If you know both the initial and final velocities it is usually best to use the velocity equation:
Vf=a*t+Vo which in this case becomes 0=-10*t+5 
Solving for the time the the highest point t: t=5/10=0.5s
Now that you know the time to the highest point you can now use the displacement equation to solve for the final vertical displacement of the rock:
Df=1/2*a*t^2+Vo*t+Do=-5*(.5)^2+5*(.5)+0=1.25m
To determine the range you will need to find the final displacement in the horizontal direction. Since the time to highest point is already known t=0.5s we can argue in this problem that the total flight time of the projectile will twice the time to the highest point. [This only works if the trajectory of the object is symmetric. If the rock was thrown from the roof of a building, for example, you would not be able to just double the time.]
Next, identify as many of the 6 kinematics variables as possible: Do=0m [always assume this unless the problem indicates otherwise], Df [the answer to the question, "What is the range?"], Vo=8.7m/s [the horizontal component of the rock's initial velocity], Vf=8.7m/s [the same as the initial velocity since there is no acceleration in the horizontal direction - assuming that we are ignoring the effects of air friction], a=0m/s^2 [as stated previously] and t=1.0s [since the problem is symmetric]. 
You can now use the displacement equation to calculate the final horizontal displacement [range] of the rock:
Df=1/2*a*t^2+Vo*t+Do=0+8.7*1+0=8.7m


----------



## blhunter3 (May 5, 2007)

Yeah, what he said.... :lost:


----------



## mjschuette (Feb 24, 2005)

after all that, is it speed or payload?


----------



## Toonhunter (Apr 12, 2009)

If you were coming on here to create brain freeze in us mere mortal hunters, mission acomplished Shootem :roll:. what i do is buy ammo, if the ammo kills birds i am happy. If the ammo doesn't kill birds i try another until i find one that does. Pretty cavemanish but hey it works for me :beer: My fancy equation is time to field divided by the litres of gas, times the fun factor minus the wifee *****ing = overall enjoyment. there are certain frictional variables in the last part of the equation. Really though it's nothing a day at the salon or spa won't fix oke:


----------



## shooteminthelips (Jun 13, 2007)

Guys it is simple, the faster a projectile starts out of the muzzle, the faster it slows down. At 30 yards it isnt a big differance, but at 50 to 60 yards there is a lot of differance. Now this isnt true when you are talking about a single bullet projectile, but when you are talking a round ball or pellet the speed is drastically reduced with a loss of energy. That is why it doesnt pay to shoot high speed loads through a gun. 1. usually the slower speed loads are much cheaper and 2. the slow load will almost always pattern much better then a fast one. Imagine 90 BB's leaving the barrell at 1550 compared to 1400. The speed is increased leaving the barrel, which in return gets your pattern to spread. Where the slower load will stay much tighter and you wont get so many flyers out side the pattern. When shooting at extreme yardage the more pellets you have on target the better! :bop:


----------



## KEN W (Feb 22, 2002)

Why didn't you just say that in the first place instead of all the technical stuff? :thumb:


----------



## Buck25 (Mar 27, 2008)

shootem - I agree with you that slower loads are more effective at holding their patterns tighter BUT regarding the fast and slow shells reaching 50 yards or whatever it still doesn't make sense.

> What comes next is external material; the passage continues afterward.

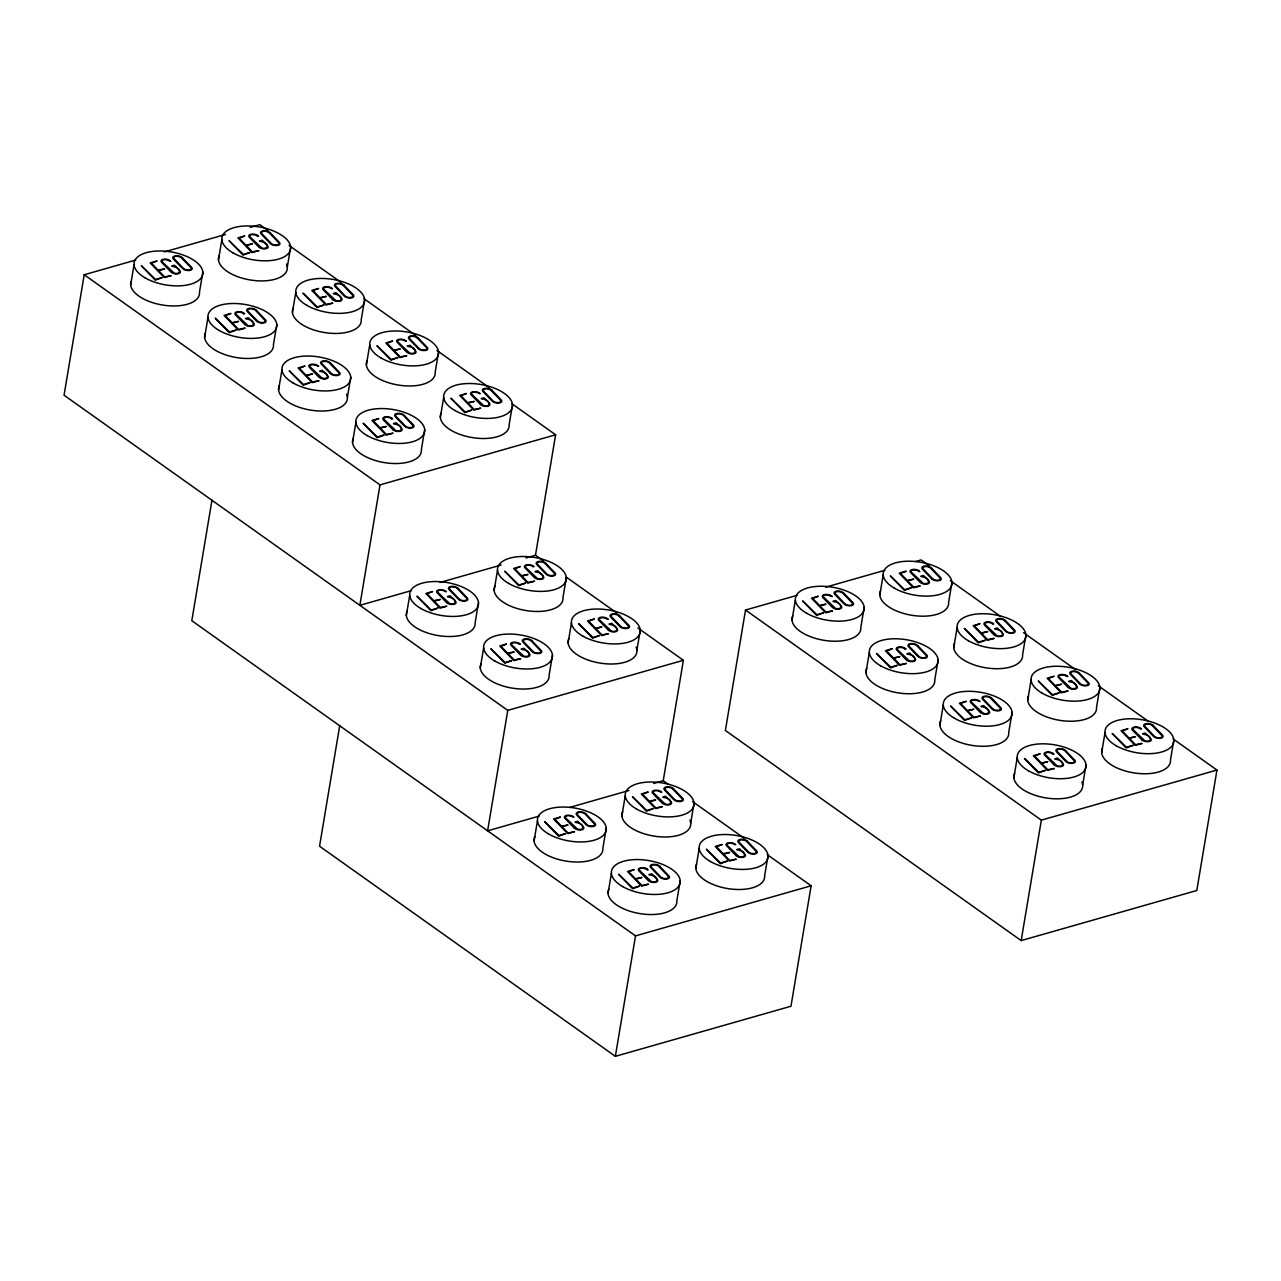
<?xml version="1.0" encoding="UTF-8"?>
<svg xmlns="http://www.w3.org/2000/svg" width="1281" height="1281" viewBox="0 0 1281 1281"><rect width="100%" height="100%" fill="white"/><g stroke="black" fill="none" stroke-linecap="round" stroke-linejoin="round"><path stroke-width="1.5" d="M135.738 260.059L84.21 274.758L64.05 395.205L507.772 710.379L683.381 660.291L663.222 780.737L668.09 784.196M130.678 284.862L134.041 264.799M202.846 272.068L199.484 292.132A34.811 16.717 9.5 0 1 163.648 305.198A34.811 16.717 9.5 0 1 130.934 281.948M204.64 337.399L207.986 317.32M218.491 259.835L221.837 239.755M211.957 500.263L191.798 620.709L635.52 935.883L811.129 885.795L790.969 1006.242L615.36 1056.329L319.545 846.213L339.705 725.767M276.808 324.589L273.445 344.669A34.811 16.717 9.5 0 1 236.104 357.479A34.811 16.717 9.5 0 1 205.392 333.108M287.296 267.089L290.659 247.025M278.585 389.92L281.948 369.857M292.436 312.356L295.799 292.276M347.391 397.19L350.754 377.126M364.605 299.546L361.242 319.626A34.811 16.717 9.5 0 1 323.901 332.452A34.811 16.717 9.5 0 1 293.205 308.064M352.531 442.457L355.894 422.378M366.382 364.877L369.745 344.813M84.21 274.758L380.009 484.875L359.865 605.321L411.393 590.621M424.7 429.647L421.353 449.727A34.811 16.717 9.5 0 1 383.996 462.537A34.811 16.717 9.5 0 1 353.3 438.166M438.55 352.083L435.204 372.147A34.811 16.717 9.5 0 1 397.863 384.973A34.811 16.717 9.5 0 1 367.151 360.585M406.333 615.424L409.696 595.361M440.344 417.414L443.706 397.334M478.502 602.614L475.139 622.694A34.811 16.717 9.5 0 1 437.798 635.52A34.811 16.717 9.5 0 1 407.102 611.133M512.512 404.604L509.149 424.684A34.811 16.717 9.5 0 1 471.808 437.51A34.811 16.717 9.5 0 1 441.112 413.123M480.279 667.961L483.642 647.882M494.146 590.381L497.492 570.317M507.772 710.379L487.613 830.825L539.141 816.125M543.592 561.014L535.474 555.233L555.618 434.787L511.743 403.627M552.463 655.151L549.101 675.231A34.811 16.717 9.5 0 1 511.76 688.041A34.811 16.717 9.5 0 1 481.048 663.67M566.314 577.587L562.951 597.651A34.811 16.717 9.5 0 1 525.61 610.477A34.811 16.717 9.5 0 1 494.898 586.09M534.081 840.928L537.444 820.865M568.091 642.918L571.454 622.838M606.249 828.118L602.887 848.198A34.811 16.717 9.5 0 1 565.545 861.024A34.811 16.717 9.5 0 1 534.85 836.637M636.897 650.188L640.26 630.108M608.043 893.465L611.389 873.386M621.893 815.885L625.24 795.821M615.36 1056.329L635.52 935.883M680.211 880.655L676.848 900.735A34.811 16.717 9.5 0 1 639.507 913.545A34.811 16.717 9.5 0 1 608.811 889.158M690.699 823.155L694.062 803.075M695.839 868.422L699.202 848.342M797.07 595.329L745.526 610.028L725.382 730.474L1021.181 940.59L1196.79 890.503L1216.95 770.057L1173.06 738.881M792.01 620.132L795.357 600.052M768.008 855.612L764.645 875.692A34.811 16.717 9.5 0 1 727.304 888.502A34.811 16.717 9.5 0 1 696.608 864.131M864.179 607.322L860.816 627.402A34.811 16.717 9.5 0 1 823.475 640.228A34.811 16.717 9.5 0 1 792.779 615.841M865.956 672.669L869.319 652.589M879.807 595.089L883.169 575.025M938.124 659.859L934.762 679.923A34.811 16.717 9.5 0 1 897.421 692.749A34.811 16.717 9.5 0 1 866.725 668.362M951.975 582.279L948.613 602.358A34.811 16.717 9.5 0 1 911.271 615.184A34.811 16.717 9.5 0 1 880.575 590.797M939.902 725.19L943.264 705.11M953.769 647.626L957.115 627.546M1012.086 712.38L1008.723 732.46A34.811 16.717 9.5 0 1 971.382 745.286A34.811 16.717 9.5 0 1 940.67 720.899M1025.937 634.816L1022.574 654.895A34.811 16.717 9.5 0 1 985.233 667.705A34.811 16.717 9.5 0 1 954.521 643.318M1013.863 777.727L1017.226 757.647M1027.714 700.147L1031.077 680.083M1021.181 940.59L1041.341 820.144L745.526 610.028M1082.669 784.981L1086.032 764.917M1099.883 687.337L1096.52 707.416A34.811 16.717 9.5 0 1 1059.179 720.242A34.811 16.717 9.5 0 1 1028.483 695.855M1101.66 752.684L1105.023 732.604M1173.828 739.874L1170.482 759.953A34.811 16.717 9.5 0 1 1133.141 772.763A34.811 16.717 9.5 0 1 1102.429 748.376M832.042 596.482L830.825 596.273A4.243 2.034 9.5 0 0 824.66 595.137L823.907 595.505A4.243 2.034 9.5 0 0 823.507 597.106L835.452 608.363A4.163 2.002 9.5 0 0 840.368 607.931A4.211 2.018 9.5 0 0 840.752 606.89C841.377 600.357 827.174 602.438 835.788 600.517L841.153 605.961A5.204 2.498 9.5 0 1 840.848 608.539A5.156 2.482 9.5 0 1 837.182 609.148L835.772 608.923M164.368 251.893L225.456 234.471M250.275 227.394L259.819 224.671L267.937 230.452M380.009 484.875L555.618 434.787M440.024 582.455L501.111 565.033M525.931 557.956L535.474 555.233M825.701 587.162L884.867 570.285M915.419 561.574L921.135 559.941L929.269 565.706M569.693 807.414L628.859 790.537M653.678 783.46L663.222 780.737M1041.341 820.144L1216.95 770.057M175.865 273.878L174.44 273.67A5.236 2.514 9.5 0 1 170.981 272.068L161.486 262.205A5.236 2.514 9.5 0 1 163.952 259.178A5.236 2.514 9.5 0 1 170.837 261.196L169.508 261.004A4.243 2.034 9.5 0 0 163.328 259.883L162.575 260.251A4.243 2.034 9.5 0 0 162.191 261.852L174.12 273.093A4.115 1.986 9.5 0 0 177.499 273.317A4.211 2.018 9.5 0 0 179.436 271.62C180.045 265.087 165.857 267.169 174.472 265.247L179.82 270.691A5.204 2.498 9.5 0 1 175.833 273.878M248.338 326.159L249.763 326.367A5.204 2.498 9.5 0 0 253.734 323.18L248.37 317.736C239.499 319.738 254.262 317.576 253.334 324.109A4.211 2.018 9.5 0 1 247.938 325.582L236.088 314.341A4.243 2.034 9.5 0 1 236.473 312.74L237.209 312.388A4.147 2.002 9.5 0 1 243.63 313.733M323.757 378.936L322.348 378.728A5.204 2.498 9.5 0 1 318.841 377.126L309.394 367.263A5.236 2.514 9.5 0 1 309.345 365.181M997.419 636.401L998.828 636.609A5.204 2.498 9.5 0 0 1002.799 633.422L997.435 627.978C988.564 629.98 1003.327 627.802 1002.415 634.351A4.211 2.018 9.5 0 1 997.002 635.824M909.67 661.428L911.079 661.636A5.204 2.498 9.5 0 0 915.05 658.45L909.702 653.006C900.815 654.991 915.579 652.83 914.666 659.379A4.211 2.018 9.5 0 1 909.27 660.852L897.421 649.611A4.243 2.034 9.5 0 1 897.805 648.01L898.525 647.658A4.147 2.002 9.5 0 1 904.962 649.003M450.095 604.232L451.504 604.44A5.204 2.498 9.5 0 0 455.492 601.253L450.127 595.809C441.513 597.731 455.7 595.649 455.091 602.182A4.211 2.018 9.5 0 1 449.695 603.655L437.846 592.398A4.243 2.034 9.5 0 1 438.23 590.797L438.951 590.461A4.147 2.002 9.5 0 1 442.233 590.349A4.243 2.034 9.5 0 1 445.164 591.566L446.316 591.71A5.236 2.514 9.5 0 0 443.114 590.061A5.124 2.466 9.5 0 0 437.093 590.685A5.236 2.514 9.5 0 0 437.141 592.767L446.637 602.63A5.204 2.498 9.5 0 0 450.015 604.216M985.089 714.19L983.68 713.981A5.236 2.514 9.5 0 1 980.205 712.38L970.71 702.532A5.236 2.514 9.5 0 1 973.128 699.506A5.236 2.514 9.5 0 1 979.997 701.46L978.732 701.331A4.243 2.034 9.5 0 0 972.567 700.195L971.815 700.563A4.243 2.034 9.5 0 0 971.414 702.164L983.36 713.421M739.489 857.197L740.914 857.405A5.156 2.482 9.5 0 0 744.885 854.251L739.521 848.775C730.907 850.696 745.11 848.63 744.485 855.148A4.211 2.018 9.5 0 1 739.089 856.621L727.24 845.38A4.243 2.034 9.5 0 1 727.624 843.779L728.361 843.426A4.243 2.034 9.5 0 1 731.723 843.298M335.782 300.555L323.837 289.314A4.243 2.034 9.5 0 1 324.221 287.713L324.958 287.36A4.147 2.002 9.5 0 1 331.09 288.449L332.42 288.737L331.539 288.001A5.124 2.466 9.5 0 0 323.084 287.601A5.236 2.514 9.5 0 0 323.132 289.666L332.628 299.53M483.674 405.613L471.744 394.372A4.243 2.034 9.5 0 1 472.129 392.771L472.849 392.418A4.147 2.002 9.5 0 1 478.998 393.507L480.215 393.683A5.124 2.466 9.5 0 0 475.443 391.73A5.124 2.466 9.5 0 0 470.992 392.659A5.236 2.514 9.5 0 0 471.04 394.724L480.535 404.588A5.156 2.482 9.5 0 0 483.962 406.189L485.419 406.397A5.156 2.482 9.5 0 0 489.374 403.243L484.026 397.767C475.411 399.688 489.598 397.622 488.99 404.139A4.211 2.018 9.5 0 1 483.594 405.613M322.027 378.151L310.098 366.894A4.243 2.034 9.5 0 1 310.482 365.309L311.203 364.957A4.243 2.034 9.5 0 1 314.582 364.829M997.098 635.824L985.153 624.584A4.243 2.034 9.5 0 1 985.553 622.982L986.274 622.63A4.147 2.002 9.5 0 1 992.423 623.719M1145.006 740.882L1133.061 729.642A4.243 2.034 9.5 0 1 1133.461 728.04L1134.181 727.688A4.147 2.002 9.5 0 1 1140.314 728.777L1141.547 728.953A5.124 2.466 9.5 0 0 1136.775 727A5.124 2.466 9.5 0 0 1132.324 727.912A5.236 2.514 9.5 0 0 1132.356 729.994L1141.851 739.858M537.524 578.628L525.594 567.387A4.243 2.034 9.5 0 1 525.979 565.786L526.699 565.433A4.147 2.002 9.5 0 1 532.848 566.522M611.437 631.117L599.492 619.876A4.243 2.034 9.5 0 1 599.876 618.275L600.613 617.922A4.243 2.034 9.5 0 1 606.906 619.011L607.963 619.187M665.271 804.132L653.342 792.891A4.243 2.034 9.5 0 1 653.726 791.29L654.447 790.937A4.147 2.002 9.5 0 1 657.729 790.825A4.243 2.034 9.5 0 1 660.66 792.042L661.813 792.186A5.236 2.514 9.5 0 0 658.61 790.537M905.027 649.035L905.891 648.907M1052.934 754.093L1053.959 754.141L1053.03 753.34A5.124 2.466 9.5 0 0 1044.575 752.94A5.236 2.514 9.5 0 0 1044.623 755.021L1054.103 764.885M243.71 313.765L244.559 313.653M391.602 418.823L392.627 418.871L391.698 418.07A5.124 2.466 9.5 0 0 383.243 417.686A5.236 2.514 9.5 0 0 383.291 419.752L392.787 429.615M950.39 580.725L1000.781 616.513M1023.535 632.67L1075.544 669.611M1098.297 685.783L1148.689 721.571M289.074 245.456L341.082 282.396M363.836 298.569L415.845 335.51M436.981 350.514L488.99 387.454M566.346 577.171L616.737 612.959M637.858 627.962L683.381 660.291M692.477 801.522L744.485 838.463M767.239 854.619L811.129 885.795M918.957 570.766L919.886 571.566L918.877 571.518A4.243 2.034 9.5 0 0 912.408 570.125L911.656 570.477A4.243 2.034 9.5 0 0 911.255 572.079L923.201 583.335A4.115 1.986 9.5 0 0 926.563 583.56M257.641 235.496L258.57 236.296L257.545 236.248A4.243 2.034 9.5 0 0 251.076 234.855L250.323 235.224A4.243 2.034 9.5 0 0 249.939 236.825L261.868 248.066A4.115 1.986 9.5 0 0 265.247 248.29M519.446 643.574L520.374 644.375L519.365 644.327A4.243 2.034 9.5 0 0 512.896 642.934L512.128 643.302A4.243 2.034 9.5 0 0 511.743 644.903L523.689 656.144A4.211 2.018 9.5 0 0 528.989 654.671C529.918 648.122 515.154 650.3 524.025 648.298L529.389 653.742A5.156 2.482 9.5 0 1 525.418 656.929L523.993 656.721A5.156 2.482 9.5 0 1 520.566 655.135L511.039 645.256A5.236 2.514 9.5 0 1 512.88 642.325A5.236 2.514 9.5 0 1 519.558 643.558M647.193 869.078L648.122 869.879L647.113 869.831A4.243 2.034 9.5 0 0 640.644 868.438L639.892 868.806A4.243 2.034 9.5 0 0 639.491 870.407L651.437 881.648A4.115 1.986 9.5 0 0 654.799 881.872A4.211 2.018 9.5 0 0 656.737 880.175C657.665 873.626 642.902 875.804 651.773 873.802L657.137 879.246A5.156 2.482 9.5 0 1 653.166 882.433L651.757 882.225A5.156 2.482 9.5 0 1 648.314 880.639L638.787 870.76A5.236 2.514 9.5 0 1 638.755 868.694A5.124 2.466 9.5 0 1 644.775 868.054M405.629 426.317L396.085 416.453A4.243 2.034 9.5 0 1 397.67 413.891A4.243 2.034 9.5 0 1 403.339 415.316L412.722 425.212A4.179 2.002 9.5 0 1 410.961 427.534A4.179 2.002 9.5 0 1 405.613 426.317M621.125 626.793L611.581 616.93A4.243 2.034 9.5 0 1 613.167 614.368A4.243 2.034 9.5 0 1 618.835 615.793M459.479 599.316L449.919 589.452A4.243 2.034 9.5 0 1 451.52 586.906A4.243 2.034 9.5 0 1 457.189 588.315L466.572 598.227A4.179 2.002 9.5 0 1 464.811 600.533A4.179 2.002 9.5 0 1 459.447 599.332M1066.481 676.304L1067.633 676.448M992.487 623.735L993.752 624.007L992.871 623.255A5.124 2.466 9.5 0 0 984.416 622.854A5.236 2.514 9.5 0 0 984.465 624.936L993.944 634.8A5.204 2.498 9.5 0 0 997.339 636.401M532.912 566.538L534.065 566.682A5.124 2.466 9.5 0 0 529.293 564.745A5.124 2.466 9.5 0 0 524.842 565.658A5.236 2.514 9.5 0 0 524.89 567.739L534.385 577.603A5.156 2.482 9.5 0 0 537.812 579.204L539.253 579.412A5.156 2.482 9.5 0 0 543.224 576.258L537.86 570.782C528.989 572.767 543.752 570.605 542.84 577.155A4.211 2.018 9.5 0 1 537.428 578.628M1153.14 725.414L1162.7 735.39A5.172 2.482 9.5 0 1 1160.058 738.304A5.076 2.434 9.5 0 1 1157.191 738.112A5.172 2.482 9.5 0 1 1153.428 736.335L1144.285 726.807A5.236 2.514 9.5 0 1 1144.205 724.47A5.092 2.45 9.5 0 1 1149.041 723.717A5.236 2.514 9.5 0 1 1153.252 725.398M991.494 697.953L1001.053 707.913A5.172 2.482 9.5 0 1 998.491 710.827A5.172 2.482 9.5 0 1 991.782 708.873L982.639 699.33A5.236 2.514 9.5 0 1 982.559 696.992A5.092 2.45 9.5 0 1 986.818 696.159A5.092 2.45 9.5 0 1 991.334 697.905M843.587 592.895L853.146 602.855A5.172 2.482 9.5 0 1 850.584 605.769A5.172 2.482 9.5 0 1 843.875 603.815L834.732 594.272A5.236 2.514 9.5 0 1 834.652 591.934A5.092 2.45 9.5 0 1 838.911 591.101A5.092 2.45 9.5 0 1 843.426 592.847M491.808 390.161L501.383 400.12A5.172 2.482 9.5 0 1 500.647 402.554A5.172 2.482 9.5 0 1 495.795 402.858A5.252 2.514 9.5 0 1 492.128 401.065L482.953 391.538A5.236 2.514 9.5 0 1 484.923 388.383A5.236 2.514 9.5 0 1 491.92 390.129M417.91 337.656L427.47 347.631A5.172 2.482 9.5 0 1 424.908 350.53A5.172 2.482 9.5 0 1 418.198 348.576M343.9 285.103L353.476 295.062A5.172 2.482 9.5 0 1 349.889 298.009A5.076 2.434 9.5 0 1 347.952 297.8A5.172 2.482 9.5 0 1 344.205 296.023L335.062 286.48A5.236 2.514 9.5 0 1 334.981 284.142A5.092 2.45 9.5 0 1 336.983 283.357A5.236 2.514 9.5 0 1 344.013 285.071M270.003 232.598L279.562 242.573A5.172 2.482 9.5 0 1 278.842 245.007A5.172 2.482 9.5 0 1 273.99 245.295A5.252 2.514 9.5 0 1 270.307 243.502L261.148 233.991A5.236 2.514 9.5 0 1 261.068 231.653A5.092 2.45 9.5 0 1 265.327 230.82A5.092 2.45 9.5 0 1 269.859 232.55M619.556 615.665L629.131 625.624A5.172 2.482 9.5 0 1 626.569 628.539A5.172 2.482 9.5 0 1 619.86 626.585L610.717 617.042A5.236 2.514 9.5 0 1 612.67 613.887A5.236 2.514 9.5 0 1 619.668 615.633M545.658 563.16L555.217 573.135A5.172 2.482 9.5 0 1 552.655 576.034A5.172 2.482 9.5 0 1 545.962 574.08L536.803 564.553A5.236 2.514 9.5 0 1 538.773 561.398A5.236 2.514 9.5 0 1 545.77 563.144M330.162 362.683L339.721 372.659A5.172 2.482 9.5 0 1 337.159 375.557A5.172 2.482 9.5 0 1 330.466 373.604M182.254 257.625L191.83 267.601A5.172 2.482 9.5 0 1 189.268 270.499A5.172 2.482 9.5 0 1 182.559 268.546L173.399 259.018A5.236 2.514 9.5 0 1 173.319 256.664A5.092 2.45 9.5 0 1 177.595 255.848A5.092 2.45 9.5 0 1 182.11 257.577M747.319 841.153L756.879 851.128A5.172 2.482 9.5 0 1 754.317 854.043A5.172 2.482 9.5 0 1 747.608 852.089L738.464 842.546A5.236 2.514 9.5 0 1 740.418 839.391A5.236 2.514 9.5 0 1 747.431 841.137M531.823 640.676L541.383 650.652A5.172 2.482 9.5 0 1 538.821 653.566A5.172 2.482 9.5 0 1 532.111 651.597M673.406 788.664L682.981 798.639A5.172 2.482 9.5 0 1 680.419 801.538A5.172 2.482 9.5 0 1 673.71 799.584L664.551 790.057A5.236 2.514 9.5 0 1 666.52 786.902A5.236 2.514 9.5 0 1 673.518 788.648M659.571 866.18L669.13 876.156A5.172 2.482 9.5 0 1 666.568 879.054A5.172 2.482 9.5 0 1 659.859 877.101L650.716 867.573A5.236 2.514 9.5 0 1 652.686 864.419A5.236 2.514 9.5 0 1 659.683 866.164M585.657 813.691L595.233 823.667A5.172 2.482 9.5 0 1 592.671 826.565A5.172 2.482 9.5 0 1 585.961 824.612L576.802 815.084A5.236 2.514 9.5 0 1 578.772 811.93A5.236 2.514 9.5 0 1 585.769 813.675M1152.308 725.574L1161.803 735.454A4.179 2.002 9.5 0 1 1158.905 737.84A4.099 1.97 9.5 0 1 1157.335 737.664A4.179 2.002 9.5 0 1 1154.677 736.559L1145.15 726.695A4.243 2.034 9.5 0 1 1145.086 724.79A4.099 1.97 9.5 0 1 1148.208 724.101A4.243 2.034 9.5 0 1 1152.404 725.558M1078.394 673.069L1087.889 682.965A4.179 2.002 9.5 0 1 1084.991 685.351A4.099 1.97 9.5 0 1 1083.438 685.175A4.179 2.002 9.5 0 1 1080.395 683.734L1071.252 674.19A4.243 2.034 9.5 0 1 1071.172 672.301A4.099 1.97 9.5 0 1 1072.789 671.66A4.147 1.986 9.5 0 1 1078.33 673.053M916.652 645.544L926.147 655.424A4.179 2.002 9.5 0 1 923.249 657.81A4.099 1.97 9.5 0 1 921.696 657.633A4.179 2.002 9.5 0 1 919.021 656.529L909.494 646.649A4.243 2.034 9.5 0 1 909.43 644.759A4.099 1.97 9.5 0 1 912.873 644.087A4.099 1.97 9.5 0 1 916.523 645.496M490.975 390.305L500.471 400.184A4.179 2.002 9.5 0 1 499.878 402.154A4.179 2.002 9.5 0 1 495.971 402.394A4.227 2.034 9.5 0 1 493.377 401.289L483.818 391.426A4.243 2.034 9.5 0 1 485.419 388.864A4.243 2.034 9.5 0 1 491.087 390.289M417.078 337.816L426.573 347.695A4.179 2.002 9.5 0 1 424.491 350.049A4.179 2.002 9.5 0 1 419.079 348.464L409.92 338.921A4.243 2.034 9.5 0 1 409.856 337.031A4.099 1.97 9.5 0 1 413.299 336.359A4.099 1.97 9.5 0 1 416.949 337.768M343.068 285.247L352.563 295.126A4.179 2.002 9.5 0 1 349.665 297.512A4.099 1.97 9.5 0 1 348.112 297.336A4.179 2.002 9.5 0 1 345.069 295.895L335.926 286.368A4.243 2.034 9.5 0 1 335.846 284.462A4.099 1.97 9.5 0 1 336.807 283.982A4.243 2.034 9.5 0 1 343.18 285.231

http://www.shotgunsportsmagazine.com/do ... istics.pdf

The table doesn't show 1400 fps , but the top and bottom entries are 150 fps apart. If you assume the pellet travels the first 30 feet at the average of the speeds at the muzzle and at 10 yards, the next 30 feet averaging between 10 yards and 20 yards, and so on, the fastest pellet gets to 50 yards in 0.176 seconds, and the slowest gets there in 0.190 seconds. So, you're right, that the difference isn't appreciable at those speeds. But the faster shell still is faster. You make it sound like you could put a bb in a barrel and fart into it and it would reach 50 yards at the same time of hypersonic steel.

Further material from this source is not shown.